[EXERCISE DATA Boundary: Start]

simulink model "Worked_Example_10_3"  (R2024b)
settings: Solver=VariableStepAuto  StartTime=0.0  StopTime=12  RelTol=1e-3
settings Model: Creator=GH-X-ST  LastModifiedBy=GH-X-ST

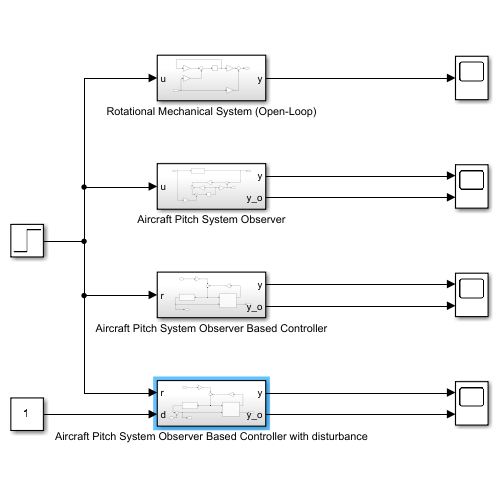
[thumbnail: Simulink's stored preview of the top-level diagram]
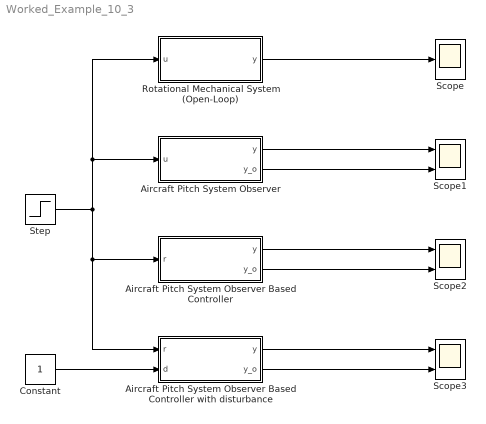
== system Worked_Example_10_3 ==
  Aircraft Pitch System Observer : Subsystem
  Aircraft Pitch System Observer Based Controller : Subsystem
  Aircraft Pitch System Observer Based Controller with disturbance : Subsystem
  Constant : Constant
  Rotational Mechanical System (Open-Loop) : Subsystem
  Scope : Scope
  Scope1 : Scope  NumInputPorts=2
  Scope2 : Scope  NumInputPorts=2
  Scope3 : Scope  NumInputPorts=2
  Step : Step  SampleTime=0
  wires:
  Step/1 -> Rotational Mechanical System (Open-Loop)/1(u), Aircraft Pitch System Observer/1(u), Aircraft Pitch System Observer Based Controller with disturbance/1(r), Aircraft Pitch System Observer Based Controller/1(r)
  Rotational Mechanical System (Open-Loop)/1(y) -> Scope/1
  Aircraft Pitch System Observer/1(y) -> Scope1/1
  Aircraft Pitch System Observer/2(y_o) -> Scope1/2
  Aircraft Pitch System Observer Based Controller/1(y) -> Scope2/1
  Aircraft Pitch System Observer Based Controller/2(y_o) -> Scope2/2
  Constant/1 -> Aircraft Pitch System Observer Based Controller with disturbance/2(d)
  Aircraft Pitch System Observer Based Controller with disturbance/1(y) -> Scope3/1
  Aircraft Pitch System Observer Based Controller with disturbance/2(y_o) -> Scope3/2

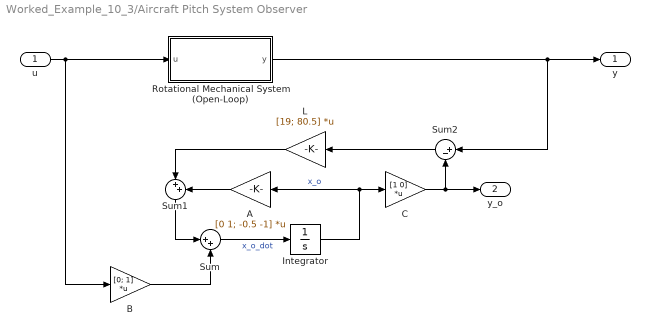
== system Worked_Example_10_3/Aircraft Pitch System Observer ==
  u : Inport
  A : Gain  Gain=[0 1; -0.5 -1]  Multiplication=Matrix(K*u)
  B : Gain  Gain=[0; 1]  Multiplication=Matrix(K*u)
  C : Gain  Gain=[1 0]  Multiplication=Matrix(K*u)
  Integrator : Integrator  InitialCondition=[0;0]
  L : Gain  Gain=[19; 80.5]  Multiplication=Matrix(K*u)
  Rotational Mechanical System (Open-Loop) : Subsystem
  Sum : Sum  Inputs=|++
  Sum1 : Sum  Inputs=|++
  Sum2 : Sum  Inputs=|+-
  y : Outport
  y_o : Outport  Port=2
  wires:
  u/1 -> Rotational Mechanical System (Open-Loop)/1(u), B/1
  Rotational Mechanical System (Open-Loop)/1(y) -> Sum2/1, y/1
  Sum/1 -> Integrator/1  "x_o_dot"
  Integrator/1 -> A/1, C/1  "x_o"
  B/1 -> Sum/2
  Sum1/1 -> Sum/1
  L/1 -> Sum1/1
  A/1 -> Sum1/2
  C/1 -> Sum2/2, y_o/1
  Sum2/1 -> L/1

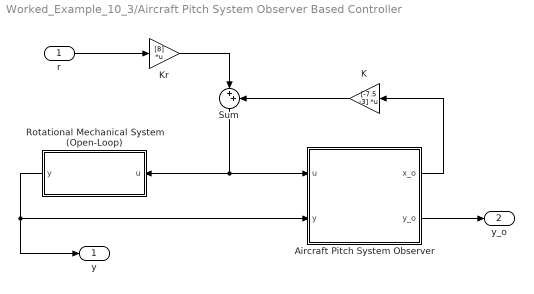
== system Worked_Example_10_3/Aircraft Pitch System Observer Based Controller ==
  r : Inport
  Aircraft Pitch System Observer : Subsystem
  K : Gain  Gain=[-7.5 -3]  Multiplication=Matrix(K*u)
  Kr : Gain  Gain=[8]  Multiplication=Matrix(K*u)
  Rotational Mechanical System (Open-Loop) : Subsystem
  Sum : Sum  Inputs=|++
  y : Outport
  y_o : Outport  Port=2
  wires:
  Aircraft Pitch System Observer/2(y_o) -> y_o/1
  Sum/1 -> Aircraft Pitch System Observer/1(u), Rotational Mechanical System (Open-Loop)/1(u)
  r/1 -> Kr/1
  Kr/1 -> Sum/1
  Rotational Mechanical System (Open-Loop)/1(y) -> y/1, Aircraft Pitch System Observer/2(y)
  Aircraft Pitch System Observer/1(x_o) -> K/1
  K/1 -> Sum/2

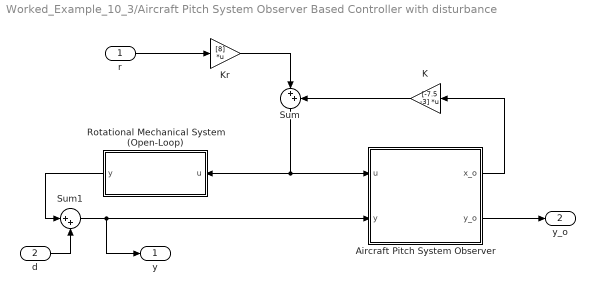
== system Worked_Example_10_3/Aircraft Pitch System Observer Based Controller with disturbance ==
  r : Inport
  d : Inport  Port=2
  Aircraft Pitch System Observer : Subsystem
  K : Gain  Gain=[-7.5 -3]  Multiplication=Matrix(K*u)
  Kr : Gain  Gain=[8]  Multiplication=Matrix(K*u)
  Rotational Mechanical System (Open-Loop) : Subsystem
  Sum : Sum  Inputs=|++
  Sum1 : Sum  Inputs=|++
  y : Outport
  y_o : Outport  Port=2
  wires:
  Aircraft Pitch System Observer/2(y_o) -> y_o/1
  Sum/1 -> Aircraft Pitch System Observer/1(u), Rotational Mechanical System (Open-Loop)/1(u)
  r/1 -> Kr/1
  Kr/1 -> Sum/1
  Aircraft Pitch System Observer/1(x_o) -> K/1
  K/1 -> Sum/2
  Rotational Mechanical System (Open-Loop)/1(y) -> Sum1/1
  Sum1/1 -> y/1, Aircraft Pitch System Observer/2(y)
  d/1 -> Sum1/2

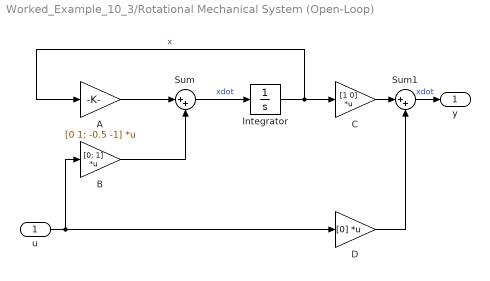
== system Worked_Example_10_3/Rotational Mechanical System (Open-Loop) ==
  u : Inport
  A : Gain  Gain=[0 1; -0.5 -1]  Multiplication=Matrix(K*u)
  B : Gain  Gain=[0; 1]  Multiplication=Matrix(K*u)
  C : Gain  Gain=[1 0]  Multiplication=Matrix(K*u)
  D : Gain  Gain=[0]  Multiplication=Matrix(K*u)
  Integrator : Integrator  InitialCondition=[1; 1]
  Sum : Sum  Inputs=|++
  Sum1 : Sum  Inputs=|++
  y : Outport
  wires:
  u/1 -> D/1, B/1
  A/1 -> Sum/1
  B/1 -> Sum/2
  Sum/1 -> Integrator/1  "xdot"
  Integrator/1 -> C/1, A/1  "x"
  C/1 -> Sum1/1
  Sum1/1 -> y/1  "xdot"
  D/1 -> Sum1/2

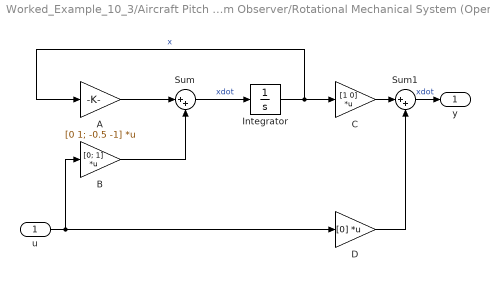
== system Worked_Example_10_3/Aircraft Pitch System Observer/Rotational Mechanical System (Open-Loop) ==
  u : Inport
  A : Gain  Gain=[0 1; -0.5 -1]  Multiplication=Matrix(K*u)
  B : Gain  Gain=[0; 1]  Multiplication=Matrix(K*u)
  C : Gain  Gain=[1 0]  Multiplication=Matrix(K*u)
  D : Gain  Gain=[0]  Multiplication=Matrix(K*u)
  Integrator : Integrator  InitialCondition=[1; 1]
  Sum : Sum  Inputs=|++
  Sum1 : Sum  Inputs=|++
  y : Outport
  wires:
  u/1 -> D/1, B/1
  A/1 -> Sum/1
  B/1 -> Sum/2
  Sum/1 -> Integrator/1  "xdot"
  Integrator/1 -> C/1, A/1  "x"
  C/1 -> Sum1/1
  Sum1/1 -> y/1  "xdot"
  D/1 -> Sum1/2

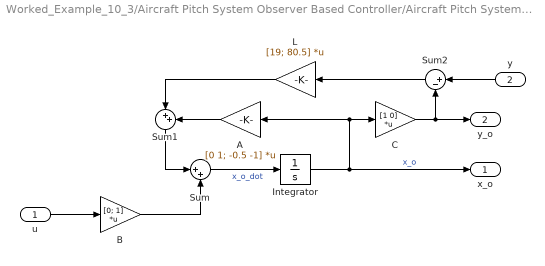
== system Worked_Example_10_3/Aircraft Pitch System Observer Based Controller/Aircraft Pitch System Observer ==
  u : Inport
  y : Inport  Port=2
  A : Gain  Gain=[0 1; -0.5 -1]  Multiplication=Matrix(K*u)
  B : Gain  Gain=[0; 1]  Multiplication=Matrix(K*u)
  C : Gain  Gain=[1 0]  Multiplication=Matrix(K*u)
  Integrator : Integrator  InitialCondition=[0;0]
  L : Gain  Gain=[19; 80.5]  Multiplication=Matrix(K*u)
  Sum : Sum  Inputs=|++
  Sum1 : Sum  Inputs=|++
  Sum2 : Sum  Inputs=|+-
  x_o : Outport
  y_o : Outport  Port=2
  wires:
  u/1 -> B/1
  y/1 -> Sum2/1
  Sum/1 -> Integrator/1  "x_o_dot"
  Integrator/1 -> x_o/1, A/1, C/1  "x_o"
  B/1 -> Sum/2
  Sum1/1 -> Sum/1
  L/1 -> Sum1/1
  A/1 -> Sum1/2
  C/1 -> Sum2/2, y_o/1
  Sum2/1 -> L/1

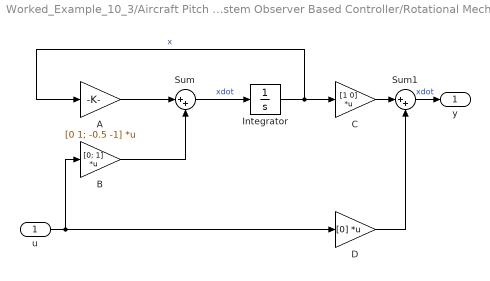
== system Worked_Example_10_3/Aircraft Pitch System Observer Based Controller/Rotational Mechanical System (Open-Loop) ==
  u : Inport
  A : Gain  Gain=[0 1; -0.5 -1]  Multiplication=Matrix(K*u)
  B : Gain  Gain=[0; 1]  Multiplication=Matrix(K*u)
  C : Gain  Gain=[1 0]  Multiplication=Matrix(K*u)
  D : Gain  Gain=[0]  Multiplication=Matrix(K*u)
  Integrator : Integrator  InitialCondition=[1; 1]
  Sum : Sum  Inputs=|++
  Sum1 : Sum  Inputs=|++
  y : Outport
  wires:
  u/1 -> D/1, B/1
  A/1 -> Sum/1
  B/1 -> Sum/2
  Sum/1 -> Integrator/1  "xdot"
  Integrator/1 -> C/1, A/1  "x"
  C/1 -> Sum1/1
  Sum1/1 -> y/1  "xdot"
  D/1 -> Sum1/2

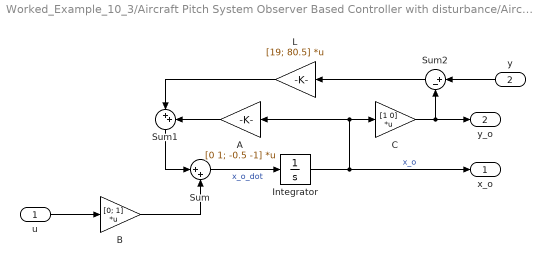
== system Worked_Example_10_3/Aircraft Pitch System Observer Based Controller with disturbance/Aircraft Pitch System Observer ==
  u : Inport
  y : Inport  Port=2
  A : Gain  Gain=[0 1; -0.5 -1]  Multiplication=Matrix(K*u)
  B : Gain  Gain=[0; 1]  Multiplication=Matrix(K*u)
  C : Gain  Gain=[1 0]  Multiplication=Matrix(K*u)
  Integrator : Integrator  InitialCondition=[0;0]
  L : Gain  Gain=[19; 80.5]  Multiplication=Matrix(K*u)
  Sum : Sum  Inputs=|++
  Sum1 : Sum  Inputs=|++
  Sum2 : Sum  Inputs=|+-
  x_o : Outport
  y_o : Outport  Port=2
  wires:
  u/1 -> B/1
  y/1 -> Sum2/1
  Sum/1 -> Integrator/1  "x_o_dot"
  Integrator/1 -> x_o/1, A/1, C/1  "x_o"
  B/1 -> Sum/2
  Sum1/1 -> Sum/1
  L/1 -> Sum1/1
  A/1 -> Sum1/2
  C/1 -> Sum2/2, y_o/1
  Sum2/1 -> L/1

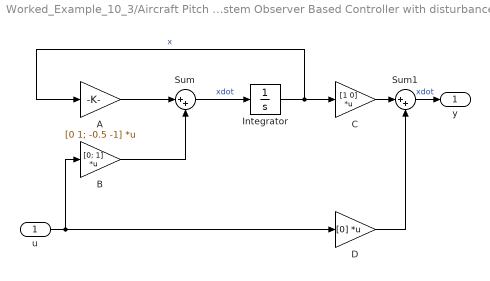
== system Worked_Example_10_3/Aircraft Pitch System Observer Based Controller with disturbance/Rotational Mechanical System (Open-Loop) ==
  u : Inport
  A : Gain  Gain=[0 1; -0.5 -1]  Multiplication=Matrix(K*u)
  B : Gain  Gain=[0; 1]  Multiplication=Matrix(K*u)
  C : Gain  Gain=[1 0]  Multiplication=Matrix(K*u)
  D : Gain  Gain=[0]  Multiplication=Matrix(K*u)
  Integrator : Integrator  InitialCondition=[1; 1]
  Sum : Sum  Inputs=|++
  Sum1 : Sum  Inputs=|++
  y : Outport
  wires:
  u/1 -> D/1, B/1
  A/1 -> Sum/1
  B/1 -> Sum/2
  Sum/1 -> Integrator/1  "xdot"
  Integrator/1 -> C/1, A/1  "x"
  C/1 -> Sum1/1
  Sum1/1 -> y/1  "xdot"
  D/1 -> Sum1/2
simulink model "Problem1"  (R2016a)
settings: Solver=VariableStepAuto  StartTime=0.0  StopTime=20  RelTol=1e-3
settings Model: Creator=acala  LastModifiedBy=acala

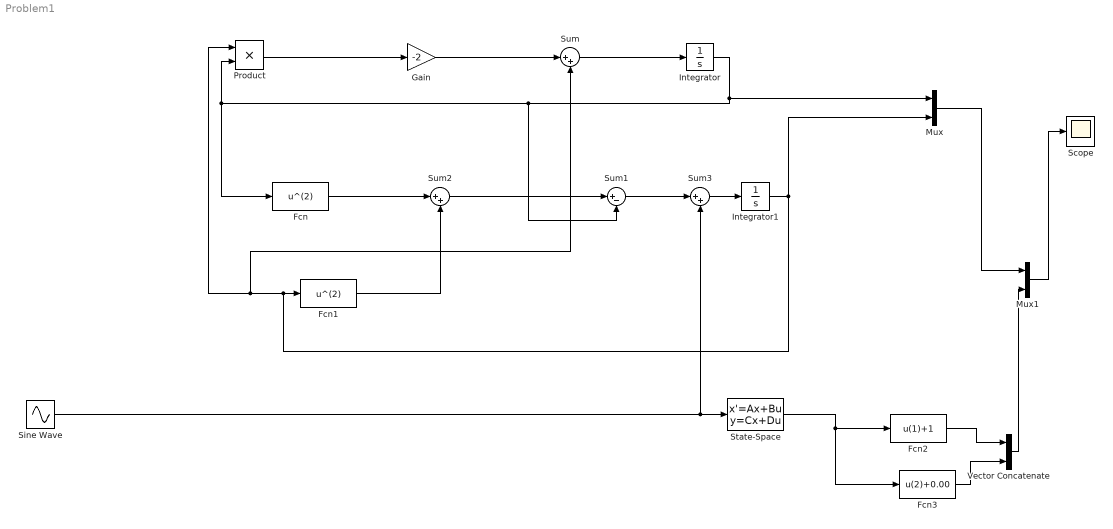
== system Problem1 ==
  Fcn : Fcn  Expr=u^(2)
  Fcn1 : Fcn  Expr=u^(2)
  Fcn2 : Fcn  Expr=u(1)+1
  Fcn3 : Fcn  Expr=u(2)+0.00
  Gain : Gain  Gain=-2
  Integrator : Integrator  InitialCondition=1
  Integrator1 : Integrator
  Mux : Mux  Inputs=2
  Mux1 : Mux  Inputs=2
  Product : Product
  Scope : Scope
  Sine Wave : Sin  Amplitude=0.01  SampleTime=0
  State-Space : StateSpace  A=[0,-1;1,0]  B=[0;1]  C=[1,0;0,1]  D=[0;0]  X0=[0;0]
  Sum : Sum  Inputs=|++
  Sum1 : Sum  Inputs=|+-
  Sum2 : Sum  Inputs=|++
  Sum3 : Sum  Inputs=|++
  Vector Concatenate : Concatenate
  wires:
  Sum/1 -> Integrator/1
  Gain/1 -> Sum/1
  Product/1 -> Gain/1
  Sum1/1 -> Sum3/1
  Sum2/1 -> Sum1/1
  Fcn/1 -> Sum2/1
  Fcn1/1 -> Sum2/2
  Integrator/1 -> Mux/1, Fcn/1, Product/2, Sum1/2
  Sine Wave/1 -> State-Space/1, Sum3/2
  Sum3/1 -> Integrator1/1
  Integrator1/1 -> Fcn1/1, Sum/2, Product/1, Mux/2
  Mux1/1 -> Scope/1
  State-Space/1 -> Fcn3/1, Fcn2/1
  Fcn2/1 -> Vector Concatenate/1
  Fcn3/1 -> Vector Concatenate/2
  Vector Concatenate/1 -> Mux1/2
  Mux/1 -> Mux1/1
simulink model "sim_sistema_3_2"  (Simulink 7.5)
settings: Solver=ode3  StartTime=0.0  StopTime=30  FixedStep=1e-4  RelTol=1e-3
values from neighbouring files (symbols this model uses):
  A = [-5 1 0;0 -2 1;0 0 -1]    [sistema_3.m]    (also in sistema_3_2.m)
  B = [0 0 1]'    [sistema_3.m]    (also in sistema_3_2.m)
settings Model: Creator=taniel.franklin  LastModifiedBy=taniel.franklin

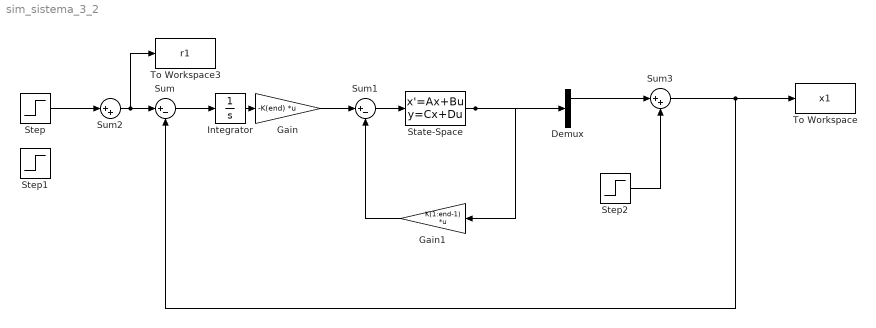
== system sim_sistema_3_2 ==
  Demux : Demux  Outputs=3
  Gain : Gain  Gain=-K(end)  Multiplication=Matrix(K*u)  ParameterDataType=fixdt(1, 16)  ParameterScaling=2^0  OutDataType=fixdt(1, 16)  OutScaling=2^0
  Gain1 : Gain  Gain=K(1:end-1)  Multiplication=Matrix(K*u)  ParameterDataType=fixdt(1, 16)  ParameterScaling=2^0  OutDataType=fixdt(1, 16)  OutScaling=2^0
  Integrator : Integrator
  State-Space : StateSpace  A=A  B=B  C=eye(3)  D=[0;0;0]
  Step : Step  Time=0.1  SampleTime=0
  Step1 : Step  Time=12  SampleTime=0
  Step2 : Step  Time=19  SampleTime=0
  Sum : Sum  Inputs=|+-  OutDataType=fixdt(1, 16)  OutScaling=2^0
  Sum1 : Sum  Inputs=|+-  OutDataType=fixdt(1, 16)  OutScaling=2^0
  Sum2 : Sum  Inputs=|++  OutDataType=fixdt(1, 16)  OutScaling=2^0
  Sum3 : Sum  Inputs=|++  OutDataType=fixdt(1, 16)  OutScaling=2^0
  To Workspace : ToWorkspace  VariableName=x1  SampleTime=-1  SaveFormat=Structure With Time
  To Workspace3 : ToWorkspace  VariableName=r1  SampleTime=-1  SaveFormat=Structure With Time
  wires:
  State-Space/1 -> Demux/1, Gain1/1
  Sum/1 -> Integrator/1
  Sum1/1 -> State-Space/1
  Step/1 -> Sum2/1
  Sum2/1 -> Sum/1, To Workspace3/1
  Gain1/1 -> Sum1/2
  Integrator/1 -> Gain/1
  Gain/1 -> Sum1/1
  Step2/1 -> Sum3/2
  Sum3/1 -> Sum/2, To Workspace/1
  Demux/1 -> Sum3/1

[EXERCISE DATA Boundary: End]

INSTRUCTIONS TO FOLLOW.
Take every line from the data above that holds "LastModifiedBy" and copy it out.

ANSWER TO THE PROBLEM.
settings Model: Creator=GH-X-ST  LastModifiedBy=GH-X-ST
settings Model: Creator=acala  LastModifiedBy=acala
settings Model: Creator=taniel.franklin  LastModifiedBy=taniel.franklin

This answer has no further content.